However, according to Monique Chemillier-Gendreau, this record merely
indicates that there were geographical surveillance trips conducted by
the Chinese that went as far as the Indian Ocean, and that China knew of
the Paracel Islands. The document, however, does not demonstrate any
possession.
- In the 13th century, emperors of the Yuán Dynasty ordered
the astronomer GuōShŏujìng (郭守敬) to conduct astronomical observations in
many areas, including the Paracel Islands. However, Guō’s observations,
performed both inside and outside of China, were only astronomical
research activities and thus could not legitimize any sovereignty status
over the territories from which the observations were made.
- Wu Sheng (吳升), Guangdong navy’s rear-admiral,
commanded a patrol to the Paracel Islands in 1710–1712. However,
according to Monique Chemiller-Gendreau, this was in fact a patrol
around Hainan Island and did not go as far as the Paracels.
- The local government of Guangdong opposed a German ship
conducting research in the Spratly Islands in 1883. This opposition,
however, was only a diplomatic action and did not have any legal status
as China’s sovereignty had not been established9.
Therefore, historical evidence used by China to support its claim is
insufficient and weak according to international law. These pieces of
evidence do not demonstrate any occupation, effective administration, or
sovereignty
12. As far as the effective occupation of the Paracel and Spratly Islands as
terra nullius without protests from other States are concerned, Viet Nam’s arguments are stronger than those of China
13.
China’s arguments regarding the period from early 20th century to 1945
It was not until the beginning of the 20th century that China showed
any real efforts in occupying the Paracel Islands. In 1909, Admiral
LǐZhǔn (李准) commanded a small-scale landing (over a period of 24 hours)
in the Paracel Islands. His troops raised their flag and fired their
guns to mark China’s sovereignty
5 (which
raises the question of why LǐZhǔn’s fleet acted as if this was the first
time the islands were discovered despite China’s claim to have
possessed them long before?)
In 1921, the self-proclaimed Guăngzhou Military Government annexed the
administration of the Paracel Islands to Yái (崖) District. This action
did not meet any response as the Guăngzhou Military Government was not
recognized by any countries in the world.

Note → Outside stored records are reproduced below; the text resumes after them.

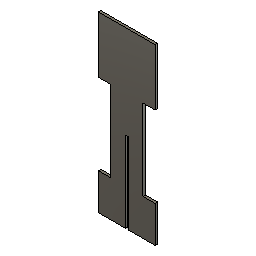
Creeper - Montagem (Autodesk Fusion 360 archive; units mm, degrees)
design "1"
Autodesk Fusion 360 part; units mm, degrees
sketch "Sketch1" plane through (0, 0, 0) normal (0, 0, 1) x (1, 0, 0)
  line L0 (0, 0) -> (70, 0)
  line L1 (70, 0) -> (70, 70)
  line L2 (70, 70) -> (0, 70)
  line L3 (0, 70) -> (0, 0)
  line L4 (70, 0) -> (55, 0)
  line L5 (0, 0) -> (15, 0)
  line L6 (15, 0) -> (15, -100)
  line L7 (55, 0) -> (55, -100)
  line L8 (55, -100) -> (70, -100)
  line L9 (15, -100) -> (0, -100)
  line L10 (0, -100) -> (0, -145)
  line L11 (70, -100) -> (70, -145)
  line L12 (70, -145) -> (0, -145)
  line L13 (35, -145) -> (36.55, -145)
  line L14 (35, -145) -> (33.45, -145)
  line L15 (36.55, -145) -> (36.55, -45)
  line L16 (33.45, -145) -> (33.45, -45)
  line L17 (33.45, -45) -> (36.55, -45)
  dimension "d1" = 70
  dimension "d2" = 70
  dimension "d3" = 15
  dimension "d4" = 15
  dimension "d5" = 100
  dimension "d6" = 100
  dimension "d7" = 15
  dimension "d8" = 15
  dimension "d9" = 45
  dimension "d10" = 45
  dimension "d11" = 1.55
  dimension "d12" = 1.55
  dimension "d13" = 100
  dimension "d14" = 100
  dimension "d17" = 33.25
  dimension "d18" = 33.25
  constraint horizontal L0
  constraint vertical L1
  constraint horizontal L2
  constraint vertical L3
  constraint coincident L0.start L3.end
  constraint perpendicular L1 L4
  constraint perpendicular L3 L5
  constraint perpendicular L0 L6
  constraint perpendicular L4 L7
  constraint perpendicular L7 L8
  constraint perpendicular L6 L9
  constraint perpendicular L9 L10
  constraint perpendicular L8 L11
  constraint midpoint L12 L13.start
  constraint horizontal L13
  constraint parallel L12 L14
  constraint perpendicular L13 L15
  constraint perpendicular L12 L16
  measures "d1" distance of L0.start L0.end
  measures "d2" distance of L0.start L2.end
  measures "d3" distance of L0.end L4.end
  measures "d4" distance of L0.start L5.end
  measures "d5" distance of L5.end L6.end
  measures "d6" distance of L4.end L7.end
  measures "d7" distance of L7.end L8.end
  measures "d8" distance of L6.end L9.end
  measures "d9" distance of L9.end L10.end
  measures "d10" distance of L8.end L11.end
  measures "d11" distance of L13.start L13.end
  measures "d12" distance of L13.start L14.end
  measures "d13" distance of L13.end L15.end
  measures "d14" distance of L14.end L16.end
extrude "Extrude1" add sketch "Sketch1" along normal blind 3 contours L0 L1 L2 L3 L4 L5 | L0 L6 L7 L8 L9 L10 L11 L12 L15 L16 L17

In 1937, Japan occupied the islands offshore of Indochina despite the
opposition from the French authorities, renamed them to “Shinnan Shoto”,
and put them under the jurisdiction of Kaohsiung (Taiwan), which China
had ceded to Japan in the Treaty of Shimonoseki of 1895. Japan
maintained its occupation in the South China Sea’s archipelagos
throughout World War II.
In summary, with a limited effort in early 20th century to demonstrate
its sovereignty in the Paracel Islands, China neither actually and
continuously occupied nor effectively established administration over
the archipelago. At the same time, China had absolutely neither
influence nor interest in the Spratly Islands and did not protest when
Japan claimed and occupied them. In contrast, France was the only
country to protest against Japan’s occupation of the Spratlys. An
irrefutable evidence of China not considering the Spratlys to be its
territorry was China’s diplomatic note to France in September 1932
claiming that the Paracels “form the southernmost part of Chinese
territory”
5.
China’s arguments regarding the period after 1945
After Japan’s surrender in 1945, it withdrew troops from mainland and
all archipelagos of Indochina. France promptly restored its presence in
the Paracel Islands in June 1946. In July 1947, the Republic of China
sent its troops to Woody Island in the Paracels. In response, France
opposed this illegal occupation and sent a military unit to the Paracel
Islands to set up a garrison and built a meteorological station which
would be in operation for the next 26 years until the People’s Republic
of China used military force to occupy the archipelago in 1974.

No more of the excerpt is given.